One of the major limitations when imaging biological tissues results in their thickness and opacity. To overcome these limitations and to visualize some structures of interest and to precise the relationship between the structure and the biological function [6], new imaging methods have been developed. Confocal Laser Scanning Microscopy (CLSM) is the reference technique for biological imaging. But CLSM induces some problems of photo toxicity for tissue which are observed in hard conditions. To overcome this gap, linear optical microscopy also called multiphoton microscopy continues to prove its useful for imaging live tissues in particular with reduced toxicity [9,10]. Multiphoton imaging is noninvasive, by keeping the cells alive and enables to be close to physiological conditions and allows a deeper penetration into samples [3,11] than more usual UV-visible techniques [7]. MP-excitation needs a quasi simultaneous absorption of two (or 3) photons, that means a spatio-temporal confinement of photons. A way to satisfy it and to bring a molecule into its excited state consists in using short impulsions at very high frequency. To come back to its fundamental state, many desexcitation ways among which fluorescence emission are possible. The emitted signal is specific to a molecule and its physicochemical environment and can be resolved as well spatially as temporally or spectrally. Some new tools have been developed to obtain complementary information. FLIM (Fluorescence Lifetime Imaging Microscopy) provides a discrimination of molecules on their different lifetimes (contrast image) whereas their emission spectra overlap. Importantly, the lifetime value measured for by FLIM is a property of individual fluorescent molecules and is therefore largely independent of fluorophore concentration and photobleaching [5]. In addition, the emission of specific fluorophores can be contrasted against a strong auto-fluorescence background as encountered in many biological tissues.
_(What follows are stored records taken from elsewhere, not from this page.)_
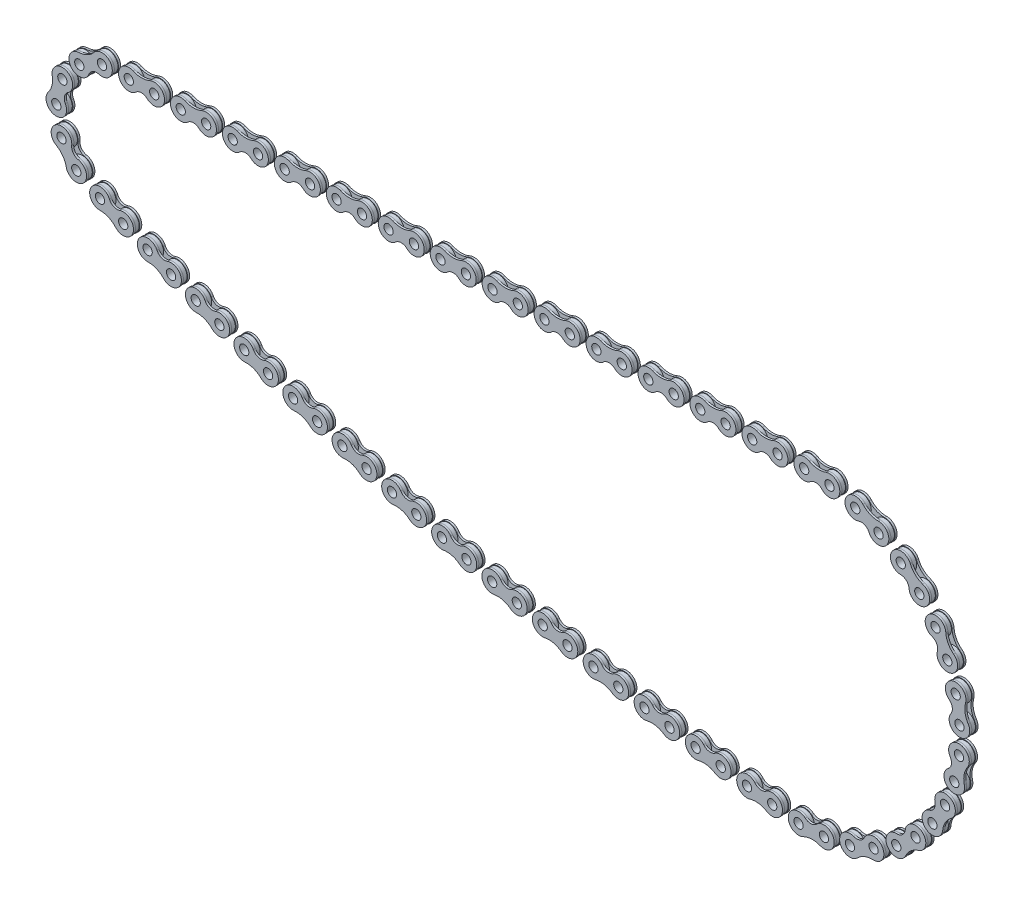
from build123d import *

# Parameters (mm, degrees)
SKETCH1_R             = 4.75
SKETCH1_R_2           = 2.25
BOSS_EXTRUDE1_DEPTH   = 1
BOSS_EXTRUDE1_2_DEPTH = 1
SKETCH2_R             = 2.25
BOSS_EXTRUDE2_DEPTH   = 1
CRVPATTERN1_5_ANGLE   = 4.4891132
CRVPATTERN1_6_ANGLE   = 23.7215852
CRVPATTERN1_7_ANGLE   = 42.9540573
CRVPATTERN1_8_ANGLE   = 62.1865294
CRVPATTERN1_9_ANGLE   = 81.4190015
CRVPATTERN1_10_ANGLE  = 100.6514735
CRVPATTERN1_11_ANGLE  = 119.8839456
CRVPATTERN1_12_ANGLE  = 139.1164177
CRVPATTERN1_13_ANGLE  = 158.3488898
CRVPATTERN1_14_ANGLE  = 177.5813619
CRVPATTERN1_15_ANGLE  = 172.4375527
CRVPATTERN1_16_ANGLE  = 171.1891449
CRVPATTERN1_17_ANGLE  = 169.940737
CRVPATTERN1_18_ANGLE  = 168.6923292
CRVPATTERN1_19_ANGLE  = 167.4439213
CRVPATTERN1_20_ANGLE  = 166.1955135
CRVPATTERN1_21_ANGLE  = 164.9471056
CRVPATTERN1_22_ANGLE  = 163.6986977
CRVPATTERN1_23_ANGLE  = 162.4502899
CRVPATTERN1_24_ANGLE  = 161.201882
CRVPATTERN1_25_ANGLE  = 159.9534742
CRVPATTERN1_26_ANGLE  = 158.7050663
CRVPATTERN1_27_ANGLE  = 157.4566585
CRVPATTERN1_28_ANGLE  = 156.2082506
CRVPATTERN1_29_ANGLE  = 125.7508825
CRVPATTERN1_30_ANGLE  = 76.1826555
CRVPATTERN1_31_ANGLE  = 26.6144285


with BuildPart() as part:
    # Sketch1 → Boss-Extrude1 (new, symmetric)
    with BuildSketch(Plane.XY):
        with Locations((-6.15, 0)):
            Circle(SKETCH1_R)
        with Locations((-6.15, 0)):
            Circle(SKETCH1_R_2, mode=Mode.SUBTRACT)
    extrude(amount=BOSS_EXTRUDE1_DEPTH, both=True)



with BuildPart() as body_2:
    # Sketch1 → Boss-Extrude1 2 (new, symmetric)
    with BuildSketch(Plane.XY):
        with Locations(Location((6.15, 0, 0), (0, 0, 180))):
            Circle(SKETCH1_R)
        with Locations((6.15, 0)):
            Circle(SKETCH1_R_2, mode=Mode.SUBTRACT)
    extrude(amount=BOSS_EXTRUDE1_2_DEPTH, both=True)


with BuildPart() as part_1:
    add(part.part)

    add(body_2.part)  # Boss-Extrude2 merges body 2
    # Sketch2 → Boss-Extrude2 (add)
    with BuildSketch(Plane.XY.offset(1)):
        with BuildLine():
            ThreePointArc((-4.102360887, 4.561488141), (-11.083814605, -0.81084736), (-2.750177945, -3.666225578))
            ThreePointArc((-2.750177945, -3.666225578), (0, -2.587311171), (2.750177945, -3.666225578))
            ThreePointArc((2.750177945, -3.666225578), (11.083814605, -0.81084736), (4.102360887, 4.561488141))
            ThreePointArc((4.102360887, 4.561488141), (0, 3.682947638), (-4.102360887, 4.561488141))
        make_face()
        with Locations((6.15, 0)):
            Circle(SKETCH2_R, mode=Mode.SUBTRACT)
        with Locations((-6.15, 0)):
            Circle(SKETCH2_R, mode=Mode.SUBTRACT)
    extrude(amount=BOSS_EXTRUDE2_DEPTH)

    # Mirror1: part across plane


with BuildPart() as part_2:
    add(part_1.part)
    add(part_1.part.mirror(Plane.XY))


with BuildPart() as body_2_2:
    # CrvPattern1: read off the stored shape, not the designer's step
    # CrvPattern1: copy of part
    add(part_2.part.moved(Location((25.1752471, 0, 0))))


with BuildPart() as body_3:
    # CrvPattern1 2: copy of part
    add(part_2.part.moved(Location((50.3504942, 0, 0))))


with BuildPart() as body_4:
    # CrvPattern1 3: copy of part
    add(part_2.part.moved(Location((75.5257412, 0, 0))))


with BuildPart() as body_5:
    # CrvPattern1 4: copy of part
    add(part_2.part.moved(Location((100.7009883, 0, 0))))


with BuildPart() as body_6:
    # CrvPattern1 5: copy of part
    add(part_2.part.moved(Location((125.4938893, 9.622122, 0))).rotate(Axis((0, 0, 0), (0, 0, -1)), CRVPATTERN1_5_ANGLE))


with BuildPart() as body_7:
    # CrvPattern1 6: copy of part
    add(part_2.part.moved(Location((139.9911247, 54.602938, 0))).rotate(Axis((0, 0, 0), (0, 0, -1)), CRVPATTERN1_6_ANGLE))


with BuildPart() as body_8:
    # CrvPattern1 7: copy of part
    add(part_2.part.moved(Location((138.8625047, 101.8487829, 0))).rotate(Axis((0, 0, 0), (0, 0, -1)), CRVPATTERN1_7_ANGLE))


with BuildPart() as body_9:
    # CrvPattern1 8: copy of part
    add(part_2.part.moved(Location((122.234006, 146.0860599, 0))).rotate(Axis((0, 0, 0), (0, 0, -1)), CRVPATTERN1_8_ANGLE))


with BuildPart() as body_10:
    # CrvPattern1 9: copy of part
    add(part_2.part.moved(Location((91.9617074, 182.3769896, 0))).rotate(Axis((0, 0, 0), (0, 0, -1)), CRVPATTERN1_9_ANGLE))


with BuildPart() as body_11:
    # CrvPattern1 10: copy of part
    add(part_2.part.moved(Location((51.4246126, 206.6707664, 0))).rotate(Axis((0, 0, 0), (0, 0, -1)), CRVPATTERN1_10_ANGLE))


with BuildPart() as body_12:
    # CrvPattern1 11: copy of part
    add(part_2.part.moved(Location((5.1474856, 216.2557109, 0))).rotate(Axis((0, 0, 0), (0, 0, -1)), CRVPATTERN1_11_ANGLE))


with BuildPart() as body_13:
    # CrvPattern1 12: copy of part
    add(part_2.part.moved(Location((-41.7042054, 210.0619486, 0))).rotate(Axis((0, 0, 0), (0, 0, -1)), CRVPATTERN1_12_ANGLE))


with BuildPart() as body_14:
    # CrvPattern1 13: copy of part
    add(part_2.part.moved(Location((-83.9008593, 188.7808291, 0))).rotate(Axis((0, 0, 0), (0, 0, -1)), CRVPATTERN1_13_ANGLE))


with BuildPart() as body_15:
    # CrvPattern1 14: copy of part
    add(part_2.part.moved(Location((-116.7324716, 154.7877581, 0))).rotate(Axis((0, 0, 0), (0, 0, -1)), CRVPATTERN1_14_ANGLE))


with BuildPart() as body_16:
    # CrvPattern1 15: copy of part
    add(part_2.part.moved(Location((-116.7031681, 133.4140246, 0))).rotate(Axis((0, 0, 0), (0, 0, 1)), CRVPATTERN1_15_ANGLE))


with BuildPart() as body_17:
    # CrvPattern1 16: copy of part
    add(part_2.part.moved(Location((-94.4111999, 131.1139663, 0))).rotate(Axis((0, 0, 0), (0, 0, 1)), CRVPATTERN1_16_ANGLE))


with BuildPart() as body_18:
    # CrvPattern1 17: copy of part
    add(part_2.part.moved(Location((-72.0744115, 129.3001314, 0))).rotate(Axis((0, 0, 0), (0, 0, 1)), CRVPATTERN1_17_ANGLE))


with BuildPart() as body_19:
    # CrvPattern1 18: copy of part
    add(part_2.part.moved(Location((-49.703407, 127.973381, 0))).rotate(Axis((0, 0, 0), (0, 0, 1)), CRVPATTERN1_18_ANGLE))


with BuildPart() as body_20:
    # CrvPattern1 19: copy of part
    add(part_2.part.moved(Location((-27.3088065, 127.1343449, 0))).rotate(Axis((0, 0, 0), (0, 0, 1)), CRVPATTERN1_19_ANGLE))


with BuildPart() as body_21:
    # CrvPattern1 20: copy of part
    add(part_2.part.moved(Location((-4.9012416, 126.7834214, 0))).rotate(Axis((0, 0, 0), (0, 0, 1)), CRVPATTERN1_20_ANGLE))


with BuildPart() as body_22:
    # CrvPattern1 21: copy of part
    add(part_2.part.moved(Location((17.5086501, 126.9207771, 0))).rotate(Axis((0, 0, 0), (0, 0, 1)), CRVPATTERN1_21_ANGLE))


with BuildPart() as body_23:
    # CrvPattern1 22: copy of part
    add(part_2.part.moved(Location((39.9102298, 127.5463469, 0))).rotate(Axis((0, 0, 0), (0, 0, 1)), CRVPATTERN1_22_ANGLE))


with BuildPart() as body_24:
    # CrvPattern1 23: copy of part
    add(part_2.part.moved(Location((62.2928628, 128.6598338, 0))).rotate(Axis((0, 0, 0), (0, 0, 1)), CRVPATTERN1_23_ANGLE))


with BuildPart() as body_25:
    # CrvPattern1 24: copy of part
    add(part_2.part.moved(Location((84.6459232, 130.260709, 0))).rotate(Axis((0, 0, 0), (0, 0, 1)), CRVPATTERN1_24_ANGLE))


with BuildPart() as body_26:
    # CrvPattern1 25: copy of part
    add(part_2.part.moved(Location((106.9587993, 132.3482127, 0))).rotate(Axis((0, 0, 0), (0, 0, 1)), CRVPATTERN1_25_ANGLE))


with BuildPart() as body_27:
    # CrvPattern1 26: copy of part
    add(part_2.part.moved(Location((129.2208984, 134.9213539, 0))).rotate(Axis((0, 0, 0), (0, 0, 1)), CRVPATTERN1_26_ANGLE))


with BuildPart() as body_28:
    # CrvPattern1 27: copy of part
    add(part_2.part.moved(Location((151.421652, 137.9789109, 0))).rotate(Axis((0, 0, 0), (0, 0, 1)), CRVPATTERN1_27_ANGLE))


with BuildPart() as body_29:
    # CrvPattern1 28: copy of part
    add(part_2.part.moved(Location((173.5505204, 141.5194323, 0))).rotate(Axis((0, 0, 0), (0, 0, 1)), CRVPATTERN1_28_ANGLE))


with BuildPart() as body_30:
    # CrvPattern1 29: copy of part
    add(part_2.part.moved(Location((100.9514086, 218.8480324, 0))).rotate(Axis((0, 0, 0), (0, 0, 1)), CRVPATTERN1_29_ANGLE))


with BuildPart() as body_31:
    # CrvPattern1 30: copy of part
    add(part_2.part.moved(Location((-79.0407086, 228.9648258, 0))).rotate(Axis((0, 0, 0), (0, 0, 1)), CRVPATTERN1_30_ANGLE))


with BuildPart() as body_32:
    # CrvPattern1 31: copy of part
    add(part_2.part.moved(Location((-203.4738641, 98.5198122, 0))).rotate(Axis((0, 0, 0), (0, 0, 1)), CRVPATTERN1_31_ANGLE))


with BuildPart() as body_33:
    # CrvPattern1 32: copy of part
    add(part_2.part.moved(Location((-201.4019766, 0, 0))))


with BuildPart() as body_34:
    # CrvPattern1 33: copy of part
    add(part_2.part.moved(Location((-176.2267295, 0, 0))))


with BuildPart() as body_35:
    # CrvPattern1 34: copy of part
    add(part_2.part.moved(Location((-151.0514825, 0, 0))))


with BuildPart() as body_36:
    # CrvPattern1 35: copy of part
    add(part_2.part.moved(Location((-125.8762354, 0, 0))))


with BuildPart() as body_37:
    # CrvPattern1 36: copy of part
    add(part_2.part.moved(Location((-100.7009883, 0, 0))))


with BuildPart() as body_38:
    # CrvPattern1 37: copy of part
    add(part_2.part.moved(Location((-75.5257412, 0, 0))))


with BuildPart() as body_39:
    # CrvPattern1 38: copy of part
    add(part_2.part.moved(Location((-50.3504942, 0, 0))))


with BuildPart() as body_40:
    # CrvPattern1 39: copy of part
    add(part_2.part.moved(Location((-25.1752471, 0, 0))))


solid = Compound([part_2.part, body_2_2.part, body_3.part, body_4.part, body_5.part, body_6.part, body_7.part, body_8.part, body_9.part, body_10.part, body_11.part, body_12.part, body_13.part, body_14.part, body_15.part, body_16.part, body_17.part, body_18.part, body_19.part, body_20.part, body_21.part, body_22.part, body_23.part, body_24.part, body_25.part, body_26.part, body_27.part, body_28.part, body_29.part, body_30.part, body_31.part, body_32.part, body_33.part, body_34.part, body_35.part, body_36.part, body_37.part, body_38.part, body_39.part, body_40.part])

Interest of Second Harmonic Generation imaging to study collageneous matrix modification in osteoarthritis disease

Cartilage degenerative diseases like osteoarthritis affect the organization of the biological extracellular matrix (ECM) surrounding chondrocytes. This ECM is mainly composed by collagen giving rise to a strong Second Harmonic Generation (SHG) Signal, due to its high non linear susceptibility. Mechanical stress leads to perturbation of the collagen network comparable to modification occurring in disease. To be sure that SHG signal comes specifically from the collagen network, the enzymatical action of Collagenase was followed. We clearly noted the decrease of the collagen specific signal according to incubation time due to enzymatic degradation. To characterize structural modification on the arrangement of collagen fibers in the ECM, we used image analysis based on co-occurrence matrix (Haralick). Textural features give information like homogeneity (Angular Second Moment) or size of textural elements (Inverse Difference Moment, Correlation). Samples submitted to compression are characterized by higher Correlation, associated with a decrease of IDM and ASM. Those evolutions suggest the presence of long linear structures, an effect of packing of collagen fibrils and the apparition of nodes where the density of collagen is important versus areas showing a lack of molecules. Collagen I, II and VI are biomarkers characterising disease states since its presence is increased in pathological cartilage (osteoarthritis). Fluorescence Lifetime Imaging Microscopy (FLIM) associated to Spectral and SHG analysis confirmed the presence of Collagen I and II in the extracellular and Collagen VI in the pericellular matrix of chondrocytes. SHG, FLIM and Spectral Imaging combined with multiphoton excitation enable tissue imaging at deep penetration. We pointed out a local modification of the ECM of cartilage without any labelling (SHG) under mechanical stress. Thus the association of all these techniques represents a potential diagnosis tool for disorganization of collagen.